Cour de cassation · Arrêt
Chambre sociale — pourvoi n° 07-40.905
Arrêt du 29 novembre 2007Pourvoi n° 07-40.905
- Solution
- Rejet
- Publication
- Non publié
- ECLI
- ECLI:FR:CCASS:2007:SO02448
Repère documentaire
Synthèse de la décision
- Faits: Attendu qu'en se prononçant sur la loi applicable au contrat de travail liant les parties, la cour d'appel a tranché, dans son dispositif, une partie du principal, de sorte que le pourvoi était immédiatement recevable.

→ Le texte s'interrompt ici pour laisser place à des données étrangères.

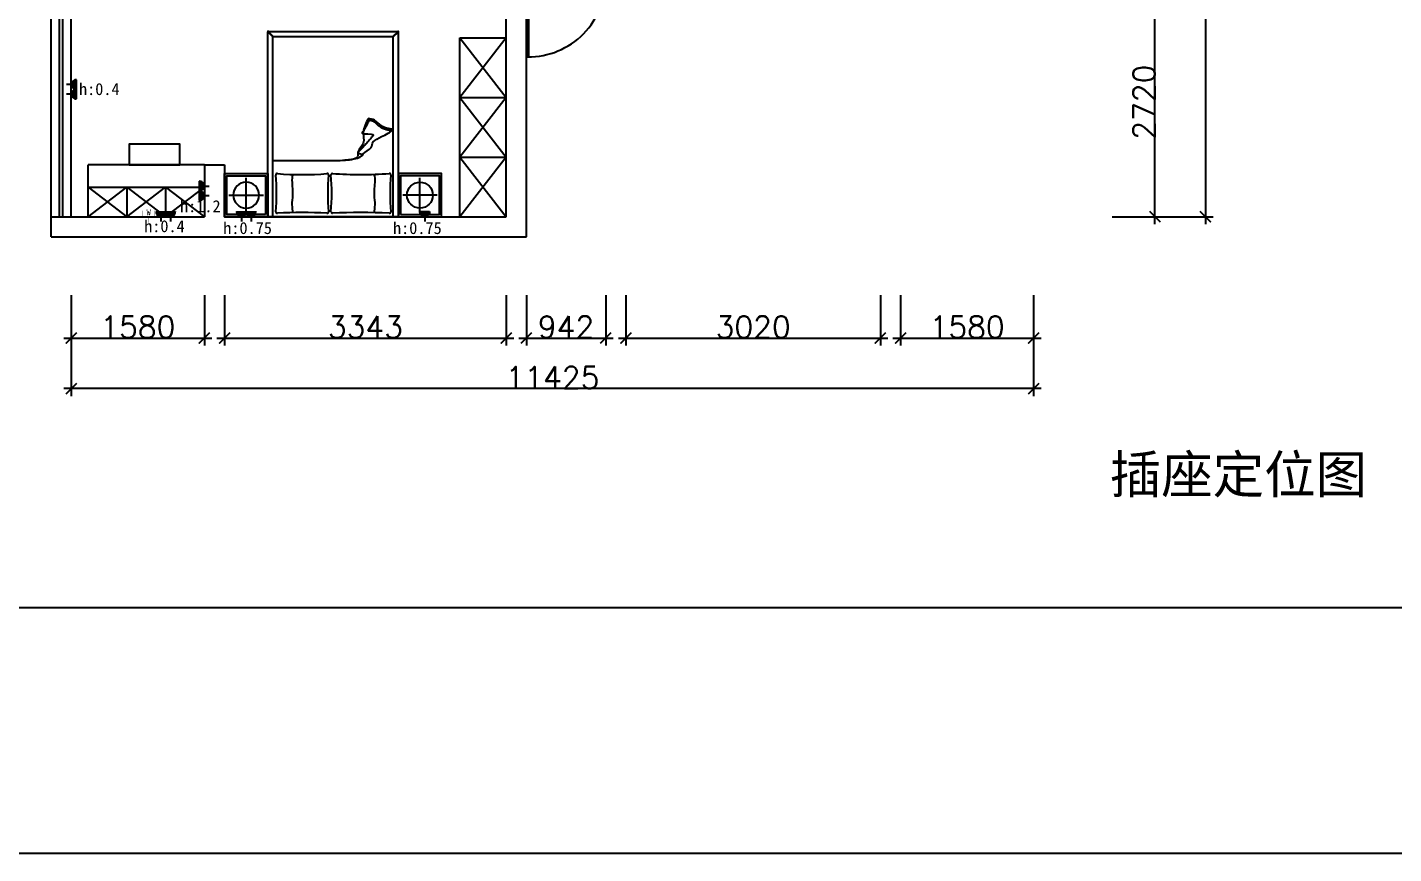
# Model space of a CAD drawing. Header units: millimetres. Extents: x -2231407 to 1513712, y -2704583 to 257.
# Drawn here: x 749138 to 765359, y -1362077 to -1352270 of the extents above; entities that cross this region are included whole.
import ezdxf

# ---------------------------------------------------------------- set-up
doc = ezdxf.new("R2010")
doc.units = ezdxf.units.MM
for name, color, linetype in [('3', 3, 'Continuous'), ('图例', 4, 'Continuous'), ('强电', 1, 'Continuous')]:
    doc.layers.add(name, color=color, linetype=linetype)
doc.styles.get("Standard").update_dxf_attribs({"font": 'txt', "bigfont": 'gbcbig.shx'})
doc.styles.add('宋体', font='', dxfattribs={"width": 3, "height": 100})
doc.styles.add('文字', font='')
doc.styles.add('长仿宋体', font='')
doc.styles.get('宋体').set_extended_font_data('SimSun')
doc.styles.get('文字').set_extended_font_data('SimSun')
doc.styles.get('长仿宋体').set_extended_font_data('ChangFangSong')
doc.dimstyles.new('ISO-25$0', dxfattribs={"dimscale": 0, "dimtxt": 60, "dimasz": 30, "dimexe": 15, "dimexo": 15, "dimtad": 1, "dimdec": 4, "dimlunit": 6, "dimtxsty": 'Standard', "dimblk": 'ARCHTICK', "dimblk1": 'ARCHTICK', "dimblk2": 'ARCHTICK', "dimsah": 1, "dimcen": 3, "dimdle": 3, "dimse2": 1, "dimsd2": 1, "dimadec": 0, "dimazin": 0, "dimtfac": 1, "dimtdec": 4, "dimtmove": 0, "dimatfit": 3, "dimldrblk": 'DOT', "dimfxl": 1, "dimtolj": 1, "dimtzin": 0, "dimarcsym": 0})

# ---------------------------------------------------------------- blocks, each defined once
blk = doc.blocks.new('A$C7D20469C')
at = {"color": 8}
for p, q in [((250, 450), (250, 50)), ((450, 250), (50, 250))]:
    blk.add_line(p, q, dxfattribs=at)
for points in [[(500, 0), (500, 500), (0, 500), (0, 0)], [(475, 25), (475, 475), (25, 475), (25, 25)]]:
    blk.add_lwpolyline(points, close=True, dxfattribs=at)
blk.add_circle((250, 250), 150, dxfattribs=at)
blk = doc.blocks.new('34t43t34t3')
at = {"color": 8}
for p, q in [((563040, -1330883), (563040, -1328687)), ((563100, -1328747), (563040, -1328687)), ((563045, -1328683), (564586, -1328683)), ((563105, -1328743), (563045, -1328683)), ((563100, -1328747), (563105, -1328743)), ((563100, -1330883), (563100, -1328747)), ((563105, -1328743), (564526, -1328743)), ((564526, -1328743), (564586, -1328683)), ((564530, -1328747), (564526, -1328743)), ((564530, -1328747), (564590, -1328687)), ((564530, -1330883), (564530, -1328747)), ((564590, -1330883), (564590, -1328687)), ((564590, -1330883, 0), (563040, -1330883, 0))]:
    blk.add_line(p, q, dxfattribs=at)
for centre, radius, start, end in [((563043, -1328685), 3, 44.9004, 225.0069), ((564588, -1328685), 3, 314.9931, 135.0996), ((563151, -1330386), 16.1, 75.7063, 187.4418), ((560857, -1330606), 2288, 354.5349, 5.4651), ((563448, -1326965), 3418, 265.076, 274.924), ((563746, -1330386), 16.1, 352.5582, 104.2937), ((566039, -1330606), 2288, 174.5349, 185.4651), ((563806, -1330385), 16.1, 75.7063, 187.4418), ((561512, -1330605), 2288, 354.5349, 5.4651), ((564144, -1325745), 4637, 265.8182, 274.1818), ((564486, -1330386), 16.1, 352.5582, 104.2937), ((567008, -1330606), 2516, 175.0304, 184.9696), ((563151, -1330826), 16.1, 172.5582, 284.2937), ((563448, -1336350), 5517, 86.9519, 93.0481), ((563746, -1330826), 16.1, 255.7063, 7.4418), ((563806, -1330825), 16.1, 172.5582, 284.2937), ((564144, -1338321), 7488, 87.4116, 92.5884), ((564486, -1330826), 16.1, 255.7063, 7.4418)]:
    blk.add_arc(centre, radius, start, end, dxfattribs=at)
for points, knots in [([(564232, -1329717), (564205, -1329771), (564152, -1329877), (564200, -1329996), (564106, -1330100), (564112, -1330173), (564088, -1330200), (563956, -1330211)], [0, 0, 0, 0, 183.123786, 351.251627, 469.436762, 603.05833, 703.77943, 703.77943, 703.77943, 703.77943]), ([(564243, -1329739), (564236, -1329752), (564228, -1329769), (564209, -1329805), (564199, -1329825), (564183, -1329851), (564179, -1329859), (564170, -1329873), (564166, -1329880), (564158, -1329891), (564154, -1329896), (564298, -1329906), (564294, -1329911), (564284, -1329925), (564276, -1329935), (564254, -1329963), (564239, -1329981), (564218, -1330005), (564213, -1330011), (564204, -1330021), (564201, -1330024), (564195, -1330030), (564192, -1330034), (564184, -1330044), (564178, -1330050), (564160, -1330069), (564148, -1330082), (564128, -1330101), (564122, -1330107), (564108, -1330120), (564101, -1330126), (564180, -1330144), (564165, -1330155), (564144, -1330169), (564138, -1330173), (564131, -1330177), (564130, -1330178), (564129, -1330179)], [11.446693, 11.446693, 11.446693, 11.446693, 66.20458, 66.20458, 132.409159, 132.409159, 157.738839, 157.738839, 181.269338, 181.269338, 198.679267, 198.679267, 216.089197, 216.089197, 250.909056, 250.909056, 320.548774, 320.548774, 345.827712, 345.827712, 358.848719, 358.848719, 371.869725, 371.869725, 397.911737, 397.911737, 449.995762, 449.995762, 476.701855, 476.701855, 503.407948, 503.407948, 556.820133, 556.820133, 576.394027, 576.394027, 580.819388, 580.819388, 580.819388, 580.819388]), ([(564530, -1329847), (564479, -1329839), (564393, -1329825), (564319, -1329732), (564259, -1329721), (564232, -1329717)], [0, 0, 0, 0, 150.204704, 251.768605, 330.790219, 330.790219, 330.790219, 330.790219]), ([(564510, -1329864), (564510, -1329864), (564510, -1329864), (564490, -1329860), (564477, -1329858), (564452, -1329852), (564440, -1329849), (564418, -1329841), (564409, -1329837), (564397, -1329831), (564393, -1329829), (564387, -1329825), (564384, -1329824), (564380, -1329821), (564379, -1329820), (564376, -1329818), (564374, -1329817), (564372, -1329816), (564371, -1329815), (564367, -1329812), (564365, -1329810), (564358, -1329805), (564354, -1329801), (564345, -1329793), (564341, -1329789), (564333, -1329782), (564329, -1329778), (564321, -1329772), (564317, -1329768), (564309, -1329763), (564305, -1329760), (564301, -1329757), (564300, -1329757), (564297, -1329755), (564296, -1329755), (564294, -1329754), (564293, -1329753), (564289, -1329751), (564287, -1329750), (564279, -1329747), (564273, -1329746), (564261, -1329743), (564255, -1329741), (564246, -1329740), (564245, -1329739), (564243, -1329739)], [0, 0, 0, 0, 24.319537, 24.319537, 60.416536, 60.416536, 96.513536, 96.513536, 124.132877, 124.132877, 135.417576, 135.417576, 143.707623, 143.707623, 148.705619, 148.705619, 152.813805, 152.813805, 156.921991, 156.921991, 165.138364, 165.138364, 181.57111, 181.57111, 198.003855, 198.003855, 214.4366, 214.4366, 230.869346, 230.869346, 247.302091, 247.302091, 251.381041, 251.381041, 256.076136, 256.076136, 260.771232, 260.771232, 270.161424, 270.161424, 290.550085, 290.550085, 310.938746, 310.938746, 316.14782, 316.14782, 316.14782, 316.14782]), ([(563100, -1330215), (563504, -1330215), (563819, -1330215), (563954, -1330213), (564072, -1330198), (564152, -1330172), (564164, -1330130), (564289, -1330069), (564270, -1329994), (564375, -1329936), (564469, -1329899), (564511, -1329863), (564530, -1329847)], [96.646583, 96.646583, 96.646583, 96.646583, 862.076778, 918.615066, 991.086884, 1068.140151, 1171.141488, 1349.581713, 1485.494659, 1623.483177, 1710.544261, 1786.221499, 1786.221499, 1786.221499, 1786.221499]), ([(563336, -1330379), (563334, -1330387), (563318, -1330458), (563345, -1330572), (563324, -1330708), (563328, -1330789), (563335, -1330829), (563336, -1330836)], [0, 0, 0, 0, 24.551262, 217.459975, 337.028895, 437.217911, 458.216546, 458.216546, 458.216546, 458.216546]), ([(564301, -1330379), (564303, -1330387), (564319, -1330458), (564291, -1330572), (564313, -1330708), (564308, -1330789), (564302, -1330829), (564301, -1330836)], [0, 0, 0, 0, 24.551262, 217.459975, 337.028895, 437.217911, 458.216546, 458.216546, 458.216546, 458.216546])]:
    blk.add_open_spline(points, degree=3, knots=knots, dxfattribs=at)
at = {"layer": '3', "color": 1, "yscale": 1.026, "zscale": 1.026}
for p, xscale, rotation in [((563040, -1330370), -1.026, 90), ((564590, -1330370), 1.026, 270)]:
    blk.add_blockref('A$C7D20469C', p, dxfattribs=dict(at, xscale=xscale, rotation=rotation))
blk = doc.blocks.new('_ArchTick')
at = {"color": 0, "linetype": 'ByBlock', "const_width": 0.15}
blk.add_lwpolyline([(-0.5, -0.5), (0.5, 0.5)], dxfattribs=at)
blk = doc.blocks.new('*D367')
at = {"color": 250, "lineweight": -2}
for p, q in [((749660, -1355448), (749660, -1356048)), ((751240, -1355448), (751240, -1356048)), ((749570, -1355958), (751330, -1355958))]:
    blk.add_line(p, q, dxfattribs=at)
at = {"layer": 'Defpoints', "color": 0}
for p in [(749660, -1355358), (751240, -1355358), (751240, -1355958)]:
    blk.add_point(p, dxfattribs=at)
at = {"color": 250, "lineweight": -2, "xscale": 130, "yscale": 130, "zscale": 130, "rotation": 180}
blk.add_blockref('_ArchTick', (749660, -1355958), dxfattribs=at)
at = {"color": 250, "lineweight": -2, "xscale": 130, "yscale": 130, "zscale": 130}
blk.add_blockref('_ArchTick', (751240, -1355958), dxfattribs=at)
at = {"color": 0, "insert": (750450, -1355827), "char_height": 260, "attachment_point": 5}
blk.add_mtext('1580', dxfattribs=at)
blk = doc.blocks.new('*D368')
at = {"color": 250, "lineweight": -2}
for p, q in [((751480, -1355448), (751480, -1356048)), ((754823, -1355448), (754823, -1356048)), ((751390, -1355958), (754913, -1355958))]:
    blk.add_line(p, q, dxfattribs=at)
at = {"layer": 'Defpoints', "color": 0}
for p in [(751480, -1355358), (754823, -1355358), (754823, -1355958)]:
    blk.add_point(p, dxfattribs=at)
at = {"color": 250, "lineweight": -2, "xscale": 130, "yscale": 130, "zscale": 130, "rotation": 180}
blk.add_blockref('_ArchTick', (751480, -1355958), dxfattribs=at)
at = {"color": 250, "lineweight": -2, "xscale": 130, "yscale": 130, "zscale": 130}
blk.add_blockref('_ArchTick', (754823, -1355958), dxfattribs=at)
at = {"color": 0, "insert": (753152, -1355827), "char_height": 260, "attachment_point": 5}
blk.add_mtext('3343', dxfattribs=at)
blk = doc.blocks.new('*D369')
at = {"color": 250, "lineweight": -2}
for p, q in [((755063, -1355448), (755063, -1356048)), ((756005, -1355448), (756005, -1356048)), ((754973, -1355958), (756095, -1355958))]:
    blk.add_line(p, q, dxfattribs=at)
at = {"layer": 'Defpoints', "color": 0}
for p in [(755063, -1355358), (756005, -1355358), (756005, -1355958)]:
    blk.add_point(p, dxfattribs=at)
at = {"color": 250, "lineweight": -2, "xscale": 130, "yscale": 130, "zscale": 130, "rotation": 180}
blk.add_blockref('_ArchTick', (755063, -1355958), dxfattribs=at)
at = {"color": 250, "lineweight": -2, "xscale": 130, "yscale": 130, "zscale": 130}
blk.add_blockref('_ArchTick', (756005, -1355958), dxfattribs=at)
at = {"color": 0, "insert": (755534, -1355827), "char_height": 260, "attachment_point": 5}
blk.add_mtext('942', dxfattribs=at)
blk = doc.blocks.new('*D370')
at = {"color": 250, "lineweight": -2}
for p, q in [((756245, -1355448), (756245, -1356048)), ((759265, -1355448), (759265, -1356048)), ((756155, -1355958), (759355, -1355958))]:
    blk.add_line(p, q, dxfattribs=at)
at = {"layer": 'Defpoints', "color": 0}
for p in [(756245, -1355358), (759265, -1355358), (759265, -1355958)]:
    blk.add_point(p, dxfattribs=at)
at = {"color": 250, "lineweight": -2, "xscale": 130, "yscale": 130, "zscale": 130, "rotation": 180}
blk.add_blockref('_ArchTick', (756245, -1355958), dxfattribs=at)
at = {"color": 250, "lineweight": -2, "xscale": 130, "yscale": 130, "zscale": 130}
blk.add_blockref('_ArchTick', (759265, -1355958), dxfattribs=at)
at = {"color": 0, "insert": (757755, -1355827), "char_height": 260, "attachment_point": 5}
blk.add_mtext('3020', dxfattribs=at)
blk = doc.blocks.new('*D371')
at = {"color": 250, "lineweight": -2}
for p, q in [((759505, -1355448), (759505, -1356048)), ((761085, -1355448), (761085, -1356048)), ((759415, -1355958), (761175, -1355958))]:
    blk.add_line(p, q, dxfattribs=at)
at = {"layer": 'Defpoints', "color": 0}
for p in [(759505, -1355358), (761085, -1355358), (761085, -1355958)]:
    blk.add_point(p, dxfattribs=at)
at = {"color": 250, "lineweight": -2, "xscale": 130, "yscale": 130, "zscale": 130, "rotation": 180}
blk.add_blockref('_ArchTick', (759505, -1355958), dxfattribs=at)
at = {"color": 250, "lineweight": -2, "xscale": 130, "yscale": 130, "zscale": 130}
blk.add_blockref('_ArchTick', (761085, -1355958), dxfattribs=at)
at = {"color": 0, "insert": (760295, -1355827), "char_height": 260, "attachment_point": 5}
blk.add_mtext('1580', dxfattribs=at)
blk = doc.blocks.new('*D372')
at = {"color": 250, "lineweight": -2}
for p, q in [((749660, -1356048), (749660, -1356648)), ((761085, -1356048), (761085, -1356648)), ((761175, -1356558), (749570, -1356558))]:
    blk.add_line(p, q, dxfattribs=at)
at = {"layer": 'Defpoints', "color": 0}
for p in [(749660, -1355958), (761085, -1355958), (749660, -1356558)]:
    blk.add_point(p, dxfattribs=at)
at = {"color": 250, "lineweight": -2, "xscale": 130, "yscale": 130, "zscale": 130, "rotation": 180}
blk.add_blockref('_ArchTick', (749660, -1356558), dxfattribs=at)
at = {"color": 250, "lineweight": -2, "xscale": 130, "yscale": 130, "zscale": 130}
blk.add_blockref('_ArchTick', (761085, -1356558), dxfattribs=at)
at = {"color": 0, "insert": (755373, -1356427), "char_height": 260, "attachment_point": 5}
blk.add_mtext('11425', dxfattribs=at)
blk = doc.blocks.new('*D384')
at = {"color": 250, "lineweight": -2}
for p, q in [((762015, -1351798), (762615, -1351798)), ((762525, -1354608), (762525, -1351708)), ((762015, -1354518), (762615, -1354518))]:
    blk.add_line(p, q, dxfattribs=at)
at = {"layer": 'Defpoints', "color": 0}
for p in [(761925, -1351798), (762525, -1351798), (761925, -1354518)]:
    blk.add_point(p, dxfattribs=at)
at = {"color": 250, "lineweight": -2, "xscale": 130, "yscale": 130, "zscale": 130}
for p, rotation in [((762525, -1351798), 90), ((762525, -1354518), 270)]:
    blk.add_blockref('_ArchTick', p, dxfattribs=dict(at, rotation=rotation))
at = {"color": 0, "insert": (762395, -1353158), "char_height": 260, "attachment_point": 5, "rotation": 90}
blk.add_mtext('2720', dxfattribs=at)
blk = doc.blocks.new('*D388')
at = {"color": 250, "lineweight": -2}
for p, q in [((762615, -1342376), (763215, -1342376)), ((763125, -1342286), (763125, -1354608)), ((762615, -1354518), (763215, -1354518))]:
    blk.add_line(p, q, dxfattribs=at)
at = {"layer": 'Defpoints', "color": 0}
for p in [(762525, -1342376), (762525, -1354518), (763125, -1354518)]:
    blk.add_point(p, dxfattribs=at)
at = {"color": 250, "lineweight": -2, "xscale": 130, "yscale": 130, "zscale": 130}
for p, rotation in [((763125, -1342376), 90), ((763125, -1354518), 270)]:
    blk.add_blockref('_ArchTick', p, dxfattribs=dict(at, rotation=rotation))
at = {"color": 0, "insert": (762995, -1348447), "char_height": 260, "attachment_point": 5, "rotation": 90}
blk.add_mtext('12142', dxfattribs=at)
blk = doc.blocks.new('五孔插座')
at = {"layer": '强电'}
h = blk.add_hatch(color=256, dxfattribs=at)
edge = h.paths.add_edge_path()
edge.add_ellipse((-2429131, -177746), major_axis=(-65.2, -65.2), ratio=1, start_angle=135, end_angle=315)
edge.add_line((-2429223, -177746), (-2429223, -177746))
edge.add_line((-2429223, -177746), (-2429039, -177746))
for p, q in [((-2429131, -177654), (-2429131, -177561)), ((-2429039, -177654), (-2429223, -177654)), ((-2429223, -177746), (-2429039, -177746)), ((-2429223, -177755), (-2429223, -177746)), ((-2429039, -177755), (-2429039, -177746))]:
    blk.add_line(p, q, dxfattribs=at)
at = {"layer": '强电', "extrusion": (0, 0, -1)}
blk.add_ellipse((-2429131, -177746), major_axis=(-65.2, -65.2), ratio=1, start_param=0.785398, end_param=3.926991, dxfattribs=at)
blk = doc.blocks.new('yfjhjl')
at = {"color": 1, "const_width": 9.6}
for points in [[(229609, 23223), (229609, 23103), (229849, 23103), (229849, 23223)], [(229729, 23103), (229729, 22983)]]:
    blk.add_lwpolyline(points, dxfattribs=at)
at = {"color": 1, "style": '宋体'}
blk.add_text('W', height=120, dxfattribs=at).set_placement((229686, 23128))

msp = doc.modelspace()

# ---------------------------------------------------------------- linework, layer by layer
at = {"color": 8}
for p, q in [((755062.84183, -1354757.94222), (755062.84183, -1351252.94222)), ((749420.32054, -1354517.94222), (749420.32054, -1351492.94222)), ((749520.32054, -1354517.94222), (749520.32054, -1351492.94222)), ((749560.32054, -1354517.94222), (749560.32054, -1351492.94222)), ((749660.32054, -1354517.94222), (749660.32054, -1351492.94222)), ((754822.84183, -1354517.94222), (754822.84183, -1351492.94222)), ((754272.84183, -1354517.94222), (754272.84183, -1352392.94222)), ((754272.84183, -1352392.94222), (754822.84183, -1352392.94222)), ((754272.84183, -1353101.27555), (754822.84183, -1353101.27555)), ((749860.32054, -1354517.94222), (749860.32054, -1353902.94222)), ((751240.32054, -1353902.94222), (749860.32054, -1353902.94222)), ((751240.32054, -1353902.94222), (751480.32054, -1353902.94222)), ((751240.32054, -1353902.94222), (751240.32054, -1354517.94222)), ((751480.32054, -1353902.94222), (751480.32054, -1354517.94222)), ((754272.84183, -1353809.60888), (754822.84183, -1353809.60888)), ((749860.32054, -1354167.94222), (751240.32054, -1354167.94222)), ((750320.32054, -1354167.94222), (750320.32054, -1354517.94222)), ((750780.32054, -1354167.94222), (750780.32054, -1354517.94222)), ((749420.32054, -1354517.94222), (751240.32054, -1354517.94222)), ((749420.32054, -1354757.94222), (749420.32054, -1354517.94222)), ((751480.32054, -1354517.94222), (754822.84183, -1354517.94222)), ((749420.32054, -1354757.94222), (755062.84183, -1354757.94222))]:
    msp.add_line(p, q, dxfattribs=at)
at = {"color": 7, "ltscale": 3}
for points in [[(492680.32561, -1335959.26675), (818565.58796, -1335959.26675), (818565.58796, -1362077.18379), (492680.32561, -1362077.18379)], [(745020.32054, -1337735.94222), (765725.32054, -1337735.94222), (765725.32054, -1359157.94222), (745020.32054, -1359157.94222)]]:
    msp.add_lwpolyline(points, close=True, dxfattribs=at)
at = {"color": 8}
for points in [[(755092.84183, -1351677.94222), (755062.84183, -1351677.94222), (755062.84183, -1352620.42092), (755092.84183, -1352620.42092)], [(750349.24531, -1353902.94222), (750947.19251, -1353902.94222), (750947.19251, -1353658.23856), (750349.24531, -1353658.23856)]]:
    msp.add_lwpolyline(points, close=True, dxfattribs=at)
for points in [[(754272.84183, -1352392.94222), (754822.84183, -1353101.27555), (754272.84183, -1353809.60888), (754822.84183, -1354517.94222)], [(754822.84183, -1352392.94222), (754272.84183, -1353101.27555), (754822.84183, -1353809.60888), (754272.84183, -1354517.94222)], [(749860.32054, -1354167.94222), (750320.32054, -1354517.94222), (750780.32054, -1354167.94222), (751240.32054, -1354517.94222)], [(749860.32054, -1354517.94222), (750320.32054, -1354167.94222), (750780.32054, -1354517.94222), (751240.32054, -1354167.94222)]]:
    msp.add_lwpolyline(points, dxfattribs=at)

- Réponse: Mais attendu qu'en application de l'article 6 de la Convention de Rome du 19 juin 1980, le contrat de travail est régi par la loi choisie par les parties ou, à défaut, par la loi où le travailleur accomplit habituellement son travail, à moins qu'il ne résulte de l'ensemble des circonstances que le contrat de travail présente des liens plus étroits avec un autre pays, auquel cas la loi de cet autre pays est applicable.
- Solution: Rejet.
Procédure
Chronologie du litige
- Arrêt de cassation Cour de cassation
Document officiel
Texte intégral
19 paragraphes affichés intégralement — le texte officiel prévaut sur les enrichissements documentaires.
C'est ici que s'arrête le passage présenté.